How can I configure Hibernate to apply all saves, updates, and deletes to the database server immediately after the session executes each operation?

To my knowledge, Hibernate doesn't offer any facility for that. However, it looks like Spring does and you can have some data access operations FLUSH_EAGER by turning their HibernateTemplate respectively HibernateInterceptor to that flush mode (source).

But I warmly suggest to read the javadoc carefully (I'll come back on this).

By default, Hibernate enqueues all save, update, and delete operations and submits them to the database server only after a flush() operation, committing the transaction, or the closing of the session in which these operations occur.

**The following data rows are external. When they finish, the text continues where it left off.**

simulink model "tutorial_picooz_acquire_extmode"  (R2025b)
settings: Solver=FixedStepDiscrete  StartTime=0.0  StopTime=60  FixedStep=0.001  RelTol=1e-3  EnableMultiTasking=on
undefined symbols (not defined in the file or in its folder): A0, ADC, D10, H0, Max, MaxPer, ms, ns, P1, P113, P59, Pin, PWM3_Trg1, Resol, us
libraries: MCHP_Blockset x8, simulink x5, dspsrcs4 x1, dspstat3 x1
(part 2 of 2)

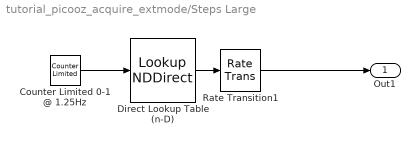
== system tutorial_picooz_acquire_extmode/Steps Large ==
  Counter Limited 0-1 @ 1.25Hz : simulink/Sources/Counter Limited  uplimit=19  tsamp=1
  Direct Lookup Table (n-D) : LookupNDDirect  NumberOfTableDimensions=1  Table=([0 0 10 20 30 40 50 60 70 80 70 60 50 40 30 20 10 0 50 80] / 50 ) - 1  TableDataTypeStr=single
  Rate Transition1 : RateTransition  Integrity=off  Deterministic=off
  Out1 : Outport
  wires:
  Direct Lookup Table (n-D)/1 -> Rate Transition1/1
  Counter Limited 0-1 @ 1.25Hz/1 -> Direct Lookup Table (n-D)/1
  Rate Transition1/1 -> Out1/1
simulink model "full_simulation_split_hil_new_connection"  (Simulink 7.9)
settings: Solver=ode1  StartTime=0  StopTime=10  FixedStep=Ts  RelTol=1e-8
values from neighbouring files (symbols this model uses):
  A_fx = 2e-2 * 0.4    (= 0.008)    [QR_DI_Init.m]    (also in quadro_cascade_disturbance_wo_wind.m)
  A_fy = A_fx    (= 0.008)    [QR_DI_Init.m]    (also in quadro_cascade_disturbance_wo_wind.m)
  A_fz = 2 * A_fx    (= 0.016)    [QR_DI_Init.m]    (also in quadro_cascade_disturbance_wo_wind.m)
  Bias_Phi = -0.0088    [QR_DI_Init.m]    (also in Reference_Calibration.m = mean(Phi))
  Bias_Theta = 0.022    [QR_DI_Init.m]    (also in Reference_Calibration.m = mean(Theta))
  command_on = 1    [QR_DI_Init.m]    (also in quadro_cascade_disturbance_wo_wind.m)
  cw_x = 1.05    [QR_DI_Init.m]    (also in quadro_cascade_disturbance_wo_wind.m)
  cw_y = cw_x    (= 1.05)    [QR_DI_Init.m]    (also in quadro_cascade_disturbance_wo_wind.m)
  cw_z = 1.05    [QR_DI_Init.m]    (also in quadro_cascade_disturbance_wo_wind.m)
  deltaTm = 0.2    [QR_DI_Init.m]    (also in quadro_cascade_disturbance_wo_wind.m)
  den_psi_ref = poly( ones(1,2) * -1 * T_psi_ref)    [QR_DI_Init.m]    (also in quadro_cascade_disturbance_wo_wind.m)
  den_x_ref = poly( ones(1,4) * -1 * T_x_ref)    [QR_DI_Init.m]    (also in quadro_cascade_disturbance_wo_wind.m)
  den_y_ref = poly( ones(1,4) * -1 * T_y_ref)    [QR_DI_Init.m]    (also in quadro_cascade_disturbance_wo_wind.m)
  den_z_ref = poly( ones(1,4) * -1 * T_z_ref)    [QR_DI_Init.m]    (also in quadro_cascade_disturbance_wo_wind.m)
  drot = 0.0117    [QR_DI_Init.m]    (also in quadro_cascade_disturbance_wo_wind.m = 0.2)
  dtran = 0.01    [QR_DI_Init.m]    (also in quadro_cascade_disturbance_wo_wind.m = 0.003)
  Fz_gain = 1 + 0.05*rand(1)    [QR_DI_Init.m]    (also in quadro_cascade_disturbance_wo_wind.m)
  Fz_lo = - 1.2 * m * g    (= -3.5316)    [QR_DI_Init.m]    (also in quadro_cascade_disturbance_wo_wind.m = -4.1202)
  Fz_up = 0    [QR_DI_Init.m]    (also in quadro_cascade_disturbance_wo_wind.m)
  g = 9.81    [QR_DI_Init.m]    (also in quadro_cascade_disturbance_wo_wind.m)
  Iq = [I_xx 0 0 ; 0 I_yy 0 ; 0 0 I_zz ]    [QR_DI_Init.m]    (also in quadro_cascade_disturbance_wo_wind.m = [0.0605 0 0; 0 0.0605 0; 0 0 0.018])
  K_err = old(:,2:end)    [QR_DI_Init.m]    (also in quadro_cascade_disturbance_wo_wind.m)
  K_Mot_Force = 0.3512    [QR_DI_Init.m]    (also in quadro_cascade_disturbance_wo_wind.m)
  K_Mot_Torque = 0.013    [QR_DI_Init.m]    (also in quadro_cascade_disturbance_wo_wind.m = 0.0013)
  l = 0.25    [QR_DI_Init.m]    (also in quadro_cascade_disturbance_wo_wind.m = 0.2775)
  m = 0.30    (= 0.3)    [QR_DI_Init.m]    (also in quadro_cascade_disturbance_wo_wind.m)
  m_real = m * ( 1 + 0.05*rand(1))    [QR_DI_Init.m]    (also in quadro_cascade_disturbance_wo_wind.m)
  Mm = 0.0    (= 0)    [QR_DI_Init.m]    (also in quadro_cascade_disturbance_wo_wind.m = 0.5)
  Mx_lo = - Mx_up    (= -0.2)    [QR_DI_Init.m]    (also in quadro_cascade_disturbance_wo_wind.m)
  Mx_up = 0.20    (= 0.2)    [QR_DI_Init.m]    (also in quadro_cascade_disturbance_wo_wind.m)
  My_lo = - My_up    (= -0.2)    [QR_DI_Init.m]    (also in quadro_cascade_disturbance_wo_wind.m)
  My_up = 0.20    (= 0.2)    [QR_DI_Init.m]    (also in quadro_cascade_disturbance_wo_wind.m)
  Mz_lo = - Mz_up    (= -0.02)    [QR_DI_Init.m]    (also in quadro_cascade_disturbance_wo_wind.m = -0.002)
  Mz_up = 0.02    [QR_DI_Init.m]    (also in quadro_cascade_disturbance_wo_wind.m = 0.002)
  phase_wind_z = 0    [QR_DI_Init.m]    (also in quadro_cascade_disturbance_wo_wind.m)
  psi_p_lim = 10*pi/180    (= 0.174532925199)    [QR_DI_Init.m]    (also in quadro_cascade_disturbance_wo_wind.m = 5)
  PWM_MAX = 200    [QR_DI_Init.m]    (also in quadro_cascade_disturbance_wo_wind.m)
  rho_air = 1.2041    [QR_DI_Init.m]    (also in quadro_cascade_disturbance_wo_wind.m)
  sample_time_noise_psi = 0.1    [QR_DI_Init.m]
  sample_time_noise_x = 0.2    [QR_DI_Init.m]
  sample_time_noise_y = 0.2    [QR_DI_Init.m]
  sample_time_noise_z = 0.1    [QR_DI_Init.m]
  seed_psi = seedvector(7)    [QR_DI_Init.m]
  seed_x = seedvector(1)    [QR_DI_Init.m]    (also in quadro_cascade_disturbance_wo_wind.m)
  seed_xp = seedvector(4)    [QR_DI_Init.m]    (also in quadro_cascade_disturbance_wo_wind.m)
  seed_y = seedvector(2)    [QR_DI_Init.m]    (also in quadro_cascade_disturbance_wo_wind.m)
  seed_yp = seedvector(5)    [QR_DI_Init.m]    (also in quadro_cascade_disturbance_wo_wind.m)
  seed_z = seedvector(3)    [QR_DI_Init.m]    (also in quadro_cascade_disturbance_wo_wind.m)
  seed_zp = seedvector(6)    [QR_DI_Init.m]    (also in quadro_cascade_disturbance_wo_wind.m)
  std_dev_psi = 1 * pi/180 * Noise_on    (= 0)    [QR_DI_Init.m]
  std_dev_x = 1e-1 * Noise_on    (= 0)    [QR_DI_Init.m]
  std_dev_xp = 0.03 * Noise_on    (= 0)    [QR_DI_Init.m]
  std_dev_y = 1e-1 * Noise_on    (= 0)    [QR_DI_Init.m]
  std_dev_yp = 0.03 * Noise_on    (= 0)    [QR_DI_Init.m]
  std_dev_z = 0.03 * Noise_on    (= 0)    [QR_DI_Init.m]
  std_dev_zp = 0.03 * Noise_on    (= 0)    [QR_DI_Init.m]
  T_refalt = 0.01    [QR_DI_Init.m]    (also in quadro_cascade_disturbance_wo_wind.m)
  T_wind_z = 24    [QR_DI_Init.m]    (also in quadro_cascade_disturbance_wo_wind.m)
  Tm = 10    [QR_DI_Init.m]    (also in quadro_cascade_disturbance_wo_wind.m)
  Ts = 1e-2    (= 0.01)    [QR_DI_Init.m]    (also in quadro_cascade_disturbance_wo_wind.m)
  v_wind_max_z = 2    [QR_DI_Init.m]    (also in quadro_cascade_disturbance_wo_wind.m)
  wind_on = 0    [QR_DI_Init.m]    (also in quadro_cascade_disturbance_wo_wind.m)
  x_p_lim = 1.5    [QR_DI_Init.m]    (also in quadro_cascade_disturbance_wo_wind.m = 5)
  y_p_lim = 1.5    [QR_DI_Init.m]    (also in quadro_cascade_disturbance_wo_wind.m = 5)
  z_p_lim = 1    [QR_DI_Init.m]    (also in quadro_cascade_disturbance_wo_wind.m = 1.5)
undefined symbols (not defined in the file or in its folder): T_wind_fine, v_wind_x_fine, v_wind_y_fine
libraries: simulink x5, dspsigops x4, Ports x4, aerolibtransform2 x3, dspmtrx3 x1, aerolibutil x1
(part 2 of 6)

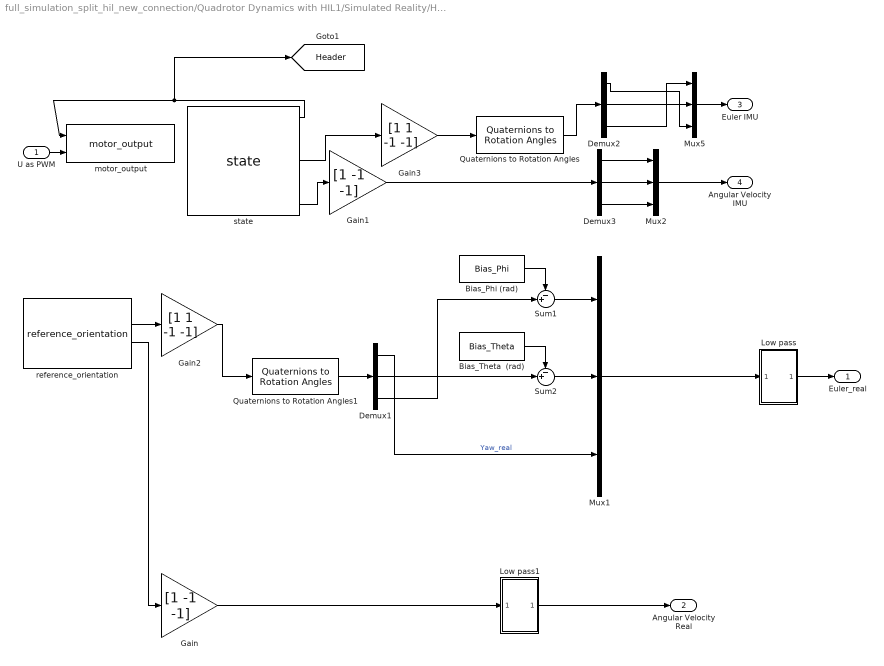
== system full_simulation_split_hil_new_connection/Quadrotor Dynamics with HIL1/Simulated Reality/HIL in the Loop for Rotation/Test Rig ==
  U as PWM : Inport
  Bias_Phi (rad) : Constant  Value=Bias_Phi
  Bias_Theta  (rad) : Constant  Value=Bias_Theta
  Demux1 : Demux  Outputs=3
  Demux2 : Demux  Outputs=3
  Demux3 : Demux  Outputs=3
  Gain : Gain  Gain=[1 -1 -1]
  Gain1 : Gain  Gain=[1 -1 -1]
  Gain2 : Gain  Gain=[1 1 -1 -1]
  Gain3 : Gain  Gain=[1 1 -1 -1]
  Low pass : Subsystem  mask{T_refalt=T_refalt}
  Low pass1 : Subsystem  mask{T_refalt=T_refalt}
  Mux1 : Mux  Inputs=3
  Mux2 : Mux  Inputs=3
  Mux5 : Mux  Inputs=3
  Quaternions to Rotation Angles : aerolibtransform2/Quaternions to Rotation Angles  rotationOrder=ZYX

Closing the session doesn't flush.

One benefit of immediately flushing database "write" operations is that a program can catch and handle any database exceptions (such as a ConstraintViolationException) in the code block in which they occur. With late or auto-flushing, these exceptions may occur long after the corresponding Hibernate operation that caused the SQL operation

First, DBMSs vary as to whether a constraint violation comes back on the insert (or update ) or on the subsequent commit (this is known as immediate or deferred constraints). So there is no guarantee and your DBA might even not want immediate constraints (which should be the default behavior though).

Second, I personally see more drawbacks with immediate flushing than benefits, as explained black in white in the javadoc of FLUSH_EAGER:

Eager flushing leads to immediate synchronization with the database, even if in a transaction. This causes inconsistencies to show up and throw a respective exception immediately, and JDBC access code that participates in the same transaction will see the changes as the database is already aware of them then. But the drawbacks are:

  • additional communication roundtrips with the database, instead of a single batch at transaction commit;
  • the fact that an actual database rollback is needed if the Hibernate transaction rolls back (due to already submitted SQL statements).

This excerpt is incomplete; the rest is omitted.